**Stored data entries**
══════════════════════════════
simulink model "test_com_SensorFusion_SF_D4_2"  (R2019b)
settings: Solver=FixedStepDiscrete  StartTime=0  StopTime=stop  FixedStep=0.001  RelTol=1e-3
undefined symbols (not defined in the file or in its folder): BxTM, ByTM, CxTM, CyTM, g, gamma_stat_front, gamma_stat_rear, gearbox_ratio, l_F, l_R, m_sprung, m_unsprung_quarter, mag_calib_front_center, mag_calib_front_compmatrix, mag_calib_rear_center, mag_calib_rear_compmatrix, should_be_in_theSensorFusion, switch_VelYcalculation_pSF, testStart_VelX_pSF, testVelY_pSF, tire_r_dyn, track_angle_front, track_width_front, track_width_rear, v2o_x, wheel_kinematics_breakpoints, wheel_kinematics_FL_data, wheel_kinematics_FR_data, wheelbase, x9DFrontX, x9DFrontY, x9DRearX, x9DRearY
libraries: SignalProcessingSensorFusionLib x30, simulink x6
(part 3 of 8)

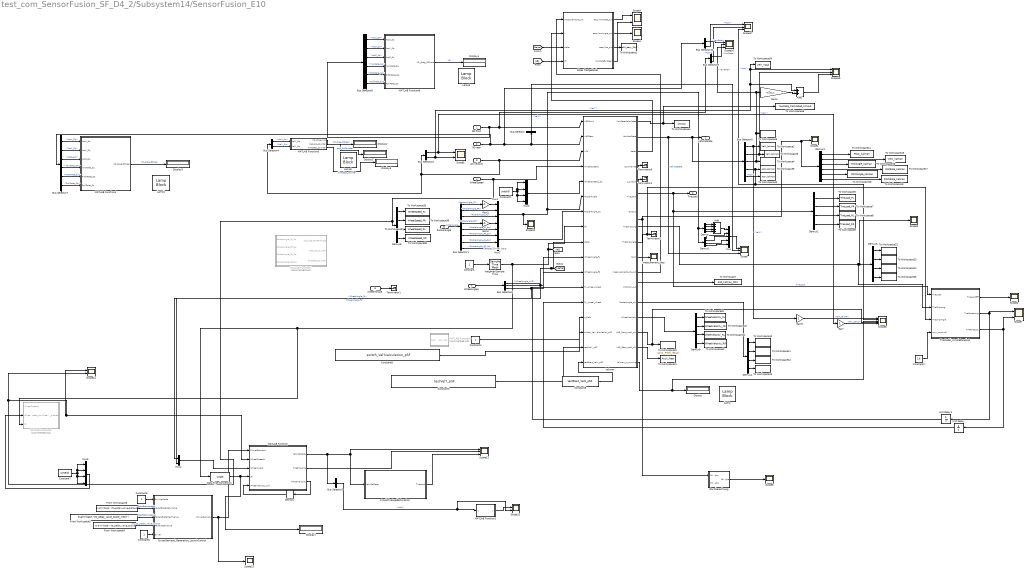
== system test_com_SensorFusion_SF_D4_2/Subsystem14/SensorFusion_E10 ==
  note: Deleted Driver Input
  9D front : Inport
  9D rear : Inport  Port=2
  v2o velocity : Inport  Port=3
  WheelSpeed : Inport  Port=4
  RockerAngle : Inport  Port=5
  WheelTorque : Inport  Port=6
  WheelAngle1 : Inport  Port=7
  Add : Sum  Inputs=++++
  Add1 : Sum
  Bus Selector : BusSelector  OutputSignals=AccX,AccY,AccZ,RollRate,PitchRate,YawRate  OutputAsBus=on
  Bus Selector1 : BusSelector  OutputSignals=RockerAngle_FL,RockerAngle_FR,RockerAngle_RL,RockerAngle_RR,RockerAngle_FL_Sq,RockerAngle_FR_Sq,RockerAngle_RL_Sq,RockerAngle_RR_Sq
  Bus Selector10 : BusSelector  OutputSignals=YawRate,AccX
  Bus Selector2 : BusSelector  OutputSignals=AccX
  Bus Selector3 : BusSelector  OutputSignals=VelX,VelY
  Bus Selector4 : BusSelector  OutputSignals=VelX_Sq,VelY_Sq
  Bus Selector5 : BusSelector  OutputSignals=VelX,VelY,YawRate,AccX,AccY
  Bus Selector6 : BusSelector  OutputSignals=WheelAngle_AVG,WheelAngle_FL,WheelAngle_FR
  Bus Selector7 : BusSelector  OutputSignals=AccX_Sq,AccY_Sq,AccZ_Sq,YawRate_Sq,PitchRate_Sq,RollRate_Sq
  Bus Selector8 : BusSelector  OutputSignals=AccX_Sq,AccY_Sq,AccZ_Sq,YawRate_Sq,PitchRate_Sq,RollRate_Sq
  Bus Selector9 : BusSelector  OutputSignals=YawRate,AccX
  Constant{,4..6} (4 alike) : Constant
  Constant1 : Constant  Value=uint8(0)
  Constant2 : Constant  Value=1.6
  Constant3 : Constant  Value=testVelY_pSF
  Constant7 : Constant  Value=uint8(0)
  Constant8 : Constant  Value=switch_VelYcalculation_pSF
  Constant9 : Constant  Value=testStart_VelX_pSF
  Data Type Conversion : DataTypeConversion  OutDataTypeStr=single
  Demux{,1..2,4..5,8..9} (7 alike) : Demux
  Demux3 : Demux  Outputs=6
  Display{,1..6} (7 alike) : Display
  DriverDemand_Generation_LaunchControl : Subsystem
  From Workspace2 : FromWorkspace  VariableName=evalin('base','VD_pedal_value_brake_mech')  SampleTime=0
  From Workspace3 : FromWorkspace  VariableName=evalin('base','VD_pedal_value_brake_rec')  SampleTime=0
  From Workspace4 : FromWorkspace  VariableName=evalin('base','VD_pedal_value_torque')  SampleTime=0
  Gain : Gain  OutDataTypeStr=single
  Gain1 : Gain  Gain=-1
  Gain2 : Gain  Gain=-1
  Gain3 : Gain  OutDataTypeStr=single
  Gain4 : Gain  Gain=-v2o_x
  Lamp{,1..3} (4 alike) : LampBlock
  MATLAB Function : MATLAB Function  TreatAsAtomicUnit=on
  MATLAB Function1 : MATLAB Function  TreatAsAtomicUnit=on
  MATLAB Function2 : MATLAB Function  Commented=on  TreatAsAtomicUnit=on
  MATLAB Function3 : MATLAB Function  Commented=on  TreatAsAtomicUnit=on
  MATLAB Function4 : MATLAB Function  TreatAsAtomicUnit=on
  MATLAB Function5 : MATLAB Function  TreatAsAtomicUnit=on
  MATLAB Function6 : MATLAB Function  TreatAsAtomicUnit=on
  MATLAB Function7 : MATLAB Function  Commented=on  TreatAsAtomicUnit=on
  Memory : Memory
  Mux : Mux  Inputs=5
  Mux{1..3,5} (4 alike) : Mux
  Mux4 : Mux  Inputs=2
  Scope{,11,15..17} (5 alike) : Scope  NumInputPorts=3
  Scope{1..2,4,6,9..10,13} (7 alike) : Scope
  Scope{3,5,7,12,14} (5 alike) : Scope  NumInputPorts=2
  Scope8 : Scope  NumInputPorts=5
  SiDes Testgelände : MATLAB Function  TreatAsAtomicUnit=on
  Sturzberechnung : Subsystem
  Terminator{1..3,6} (4 alike) : Terminator
  TireModel_simplePacejka1 : MATLAB Function  TreatAsAtomicUnit=on
  To Workspace : ToWorkspace  VariableName=e10_kalman_POS  SaveFormat=Timeseries  SampleTime=-1
  To Workspace1 : ToWorkspace  VariableName=e10_easy_POS  SaveFormat=Timeseries  SampleTime=-1
  To Workspace10 : ToWorkspace  VariableName=RockerAngle_FL  SaveFormat=Timeseries  SampleTime=-1
  To Workspace11 : ToWorkspace  VariableName=RockerAngle_FR  SaveFormat=Timeseries  SampleTime=-1
  To Workspace12 : ToWorkspace  VariableName=RockerAngle_RL  SaveFormat=Timeseries  SampleTime=-1
  To Workspace13 : ToWorkspace  VariableName=RockerAngle_RR  SaveFormat=Timeseries  SampleTime=-1
  To Workspace14 : ToWorkspace  VariableName=PosZ_kalman  SaveFormat=Timeseries  SampleTime=-1
  To Workspace15 : ToWorkspace  VariableName=VelZ_kalman  SaveFormat=Timeseries  SampleTime=-1
  To Workspace16 : ToWorkspace  VariableName=RollAngle_kalman  SaveFormat=Timeseries  SampleTime=-1
  To Workspace17 : ToWorkspace  VariableName=RollRate_kalman  SaveFormat=Timeseries  SampleTime=-1
  To Workspace18 : ToWorkspace  VariableName=PitchAngle_kalman  SaveFormat=Timeseries  SampleTime=-1
  To Workspace19 : ToWorkspace  VariableName=PitchRate_kalman  SaveFormat=Timeseries  SampleTime=-1
  To Workspace2 : ToWorkspace  VariableName=VelX_kalman  SaveFormat=Timeseries  SampleTime=-1
  To Workspace20 : ToWorkspace  VariableName=AccX_Front_result  SaveFormat=Timeseries  SampleTime=-1
  To Workspace21 : ToWorkspace  VariableName=AccX_Rear  SaveFormat=Timeseries  SampleTime=-1
  To Workspace22 : ToWorkspace  VariableName=TireSlipLong_FL  SaveFormat=Timeseries  SampleTime=-1
  To Workspace23 : ToWorkspace  VariableName=TireSlipLong_FR  SaveFormat=Timeseries  SampleTime=-1
  To Workspace24 : ToWorkspace  VariableName=TireSlipLong_RL  SaveFormat=Timeseries  SampleTime=-1
  To Workspace25 : ToWorkspace  VariableName=TireSlipLong_RR  SaveFormat=Timeseries  SampleTime=-1
  To Workspace3 : ToWorkspace  VariableName=VelY_kalman  SaveFormat=Timeseries  SampleTime=-1
  To Workspace34 : ToWorkspace  VariableName=VelY_input  SaveFormat=Timeseries  SampleTime=-1
  To Workspace35 : ToWorkspace  VariableName=WheelSpeed_FL  SaveFormat=Timeseries  SampleTime=-1
  To Workspace36 : ToWorkspace  VariableName=WheelSpeed_FR  SaveFormat=Timeseries  SampleTime=-1
  To Workspace37 : ToWorkspace  VariableName=WheelSpeed_RL  SaveFormat=Timeseries  SampleTime=-1
  To Workspace38 : ToWorkspace  VariableName=WheelSpeed_RR  SaveFormat=Timeseries  SampleTime=-1
  To Workspace39 : ToWorkspace  VariableName=WheelVelocity_FL  SaveFormat=Timeseries  SampleTime=-1
  To Workspace4 : ToWorkspace  VariableName=YawRate_kalman  SaveFormat=Timeseries  SampleTime=-1
  To Workspace40 : ToWorkspace  VariableName=WheelVelocity_FR  SaveFormat=Timeseries  SampleTime=-1
  To Workspace41 : ToWorkspace  VariableName=WheelVelocity_RL  SaveFormat=Timeseries  SampleTime=-1
  To Workspace42 : ToWorkspace  VariableName=WheelVelocity_RR  SaveFormat=Timeseries  SampleTime=-1
  To Workspace43 : ToWorkspace  VariableName=AccY_kalman  SaveFormat=Timeseries  SampleTime=-1
  To Workspace44 : ToWorkspace  VariableName=simout  SaveFormat=Timeseries  SampleTime=-1
  To Workspace45 : ToWorkspace  VariableName=YawRate_simout  SaveFormat=Timeseries  SampleTime=-1
  To Workspace46 : ToWorkspace  VariableName=YawRate_Calculated_simout  SaveFormat=Timeseries  SampleTime=-1
  To Workspace5 : ToWorkspace  VariableName=AccX_kalman  SaveFormat=Timeseries  SampleTime=-1
  To Workspace6 : ToWorkspace  VariableName=TireLoad_FL  SaveFormat=Timeseries  SampleTime=-1
  To Workspace7 : ToWorkspace  VariableName=TireLoad_FR  SaveFormat=Timeseries  SampleTime=-1
  To Workspace8 : ToWorkspace  VariableName=TireLoad_RL  SaveFormat=Timeseries  SampleTime=-1
  To Workspace9 : ToWorkspace  VariableName=TireLoad_RR  SaveFormat=Timeseries  SampleTime=-1
  Unit Delay : UnitDelay  SampleTime=-1  HasFrameUpgradeWarning=on
  Unit Delay1 : UnitDelay  SampleTime=-1  HasFrameUpgradeWarning=on
  Weighted Sample Time : SampleTimeMath  TsampMathOp=Ts Only
  kalman : MATLAB Function  TreatAsAtomicUnit=on
  measurement_bias : Scope
  simpleTireLoadEstimation : Subsystem
  VehicleState : Outport  VectorParamsAs1DForOutWhenUnconnected=off
  TireLoad : Outport  Port=2  VectorParamsAs1DForOutWhenUnconnected=off
  wires:
  Mux/1 -> Scope/1
  Demux1/4 -> Mux/5
  Demux1/3 -> Mux/4
  Demux1/2 -> Mux/3
  Demux1/1 -> Mux/2
  Add/1 -> Mux/1
  Demux/1 -> Add/1
  Demux/2 -> Add/2
  Demux/3 -> Add/3
  Demux/4 -> Add/4
  Bus Selector/1 -> Scope/2
  Gain2/1 -> Mux1/4
  Weighted Sample Time/1 -> MATLAB Function2/3(dt), Data Type Conversion/1, kalman/8(dt), [dt]
  Mux2/1 -> kalman/7(RockerAngle_Sq)
  Mux1/1 -> Scope10/1, Demux/1, Demux1/1, kalman/6(RockerAngle)
  Mux3/1 -> kalman/5(WheelSpeeds_Sq)
  Gain1/1 -> Mux1/1
  v2o velocity/1 -> Bus Selector4/1, Bus Selector3/1, kalman/3(v2o)
  9D rear/1 -> Bus Selector7/1, Bus Selector10/1, Bus Selector/1, kalman/2(x9DRear)
  Bus Selector1/5 -> Mux2/1  "<RockerAngle_FL_Sq>"
  Constant/1 -> Weighted Sample Time/1
  Constant1/1 -> Mux3/2, Mux3/1, Mux3/3, Mux3/4
  kalman/6(TireLoad) -> TireModel_simplePacejka1/1(TireLoad), Demux2/1, TireLoad/1  "TireLoad"
  Bus Selector1/7 -> Mux2/3  "<RockerAngle_RL_Sq>"
  Bus Selector1/8 -> Mux2/4  "<RockerAngle_RR_Sq>"
  Bus Selector1/3 -> Mux1/3  "<RockerAngle_RL>"
  Bus Selector1/4 -> Gain2/1  "<RockerAngle_RR>"
  WheelTorque/1 -> Terminator1/1
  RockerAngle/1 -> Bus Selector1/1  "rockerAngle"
══════════════════════════════
**Your instructions**
No line before the one containing "Weighted Sample Time/1 ->" belongs in the answer; give again exactly that line and all lines after it through the end of the data.

**Answer space**
  Weighted Sample Time/1 -> MATLAB Function2/3(dt), Data Type Conversion/1, kalman/8(dt), [dt]
  Mux2/1 -> kalman/7(RockerAngle_Sq)
  Mux1/1 -> Scope10/1, Demux/1, Demux1/1, kalman/6(RockerAngle)
  Mux3/1 -> kalman/5(WheelSpeeds_Sq)
  Gain1/1 -> Mux1/1
  v2o velocity/1 -> Bus Selector4/1, Bus Selector3/1, kalman/3(v2o)
  9D rear/1 -> Bus Selector7/1, Bus Selector10/1, Bus Selector/1, kalman/2(x9DRear)
  Bus Selector1/5 -> Mux2/1  "<RockerAngle_FL_Sq>"
  Constant/1 -> Weighted Sample Time/1
  Constant1/1 -> Mux3/2, Mux3/1, Mux3/3, Mux3/4
  kalman/6(TireLoad) -> TireModel_simplePacejka1/1(TireLoad), Demux2/1, TireLoad/1  "TireLoad"
  Bus Selector1/7 -> Mux2/3  "<RockerAngle_RL_Sq>"
  Bus Selector1/8 -> Mux2/4  "<RockerAngle_RR_Sq>"
  Bus Selector1/3 -> Mux1/3  "<RockerAngle_RL>"
  Bus Selector1/4 -> Gain2/1  "<RockerAngle_RR>"
  WheelTorque/1 -> Terminator1/1
  RockerAngle/1 -> Bus Selector1/1  "rockerAngle"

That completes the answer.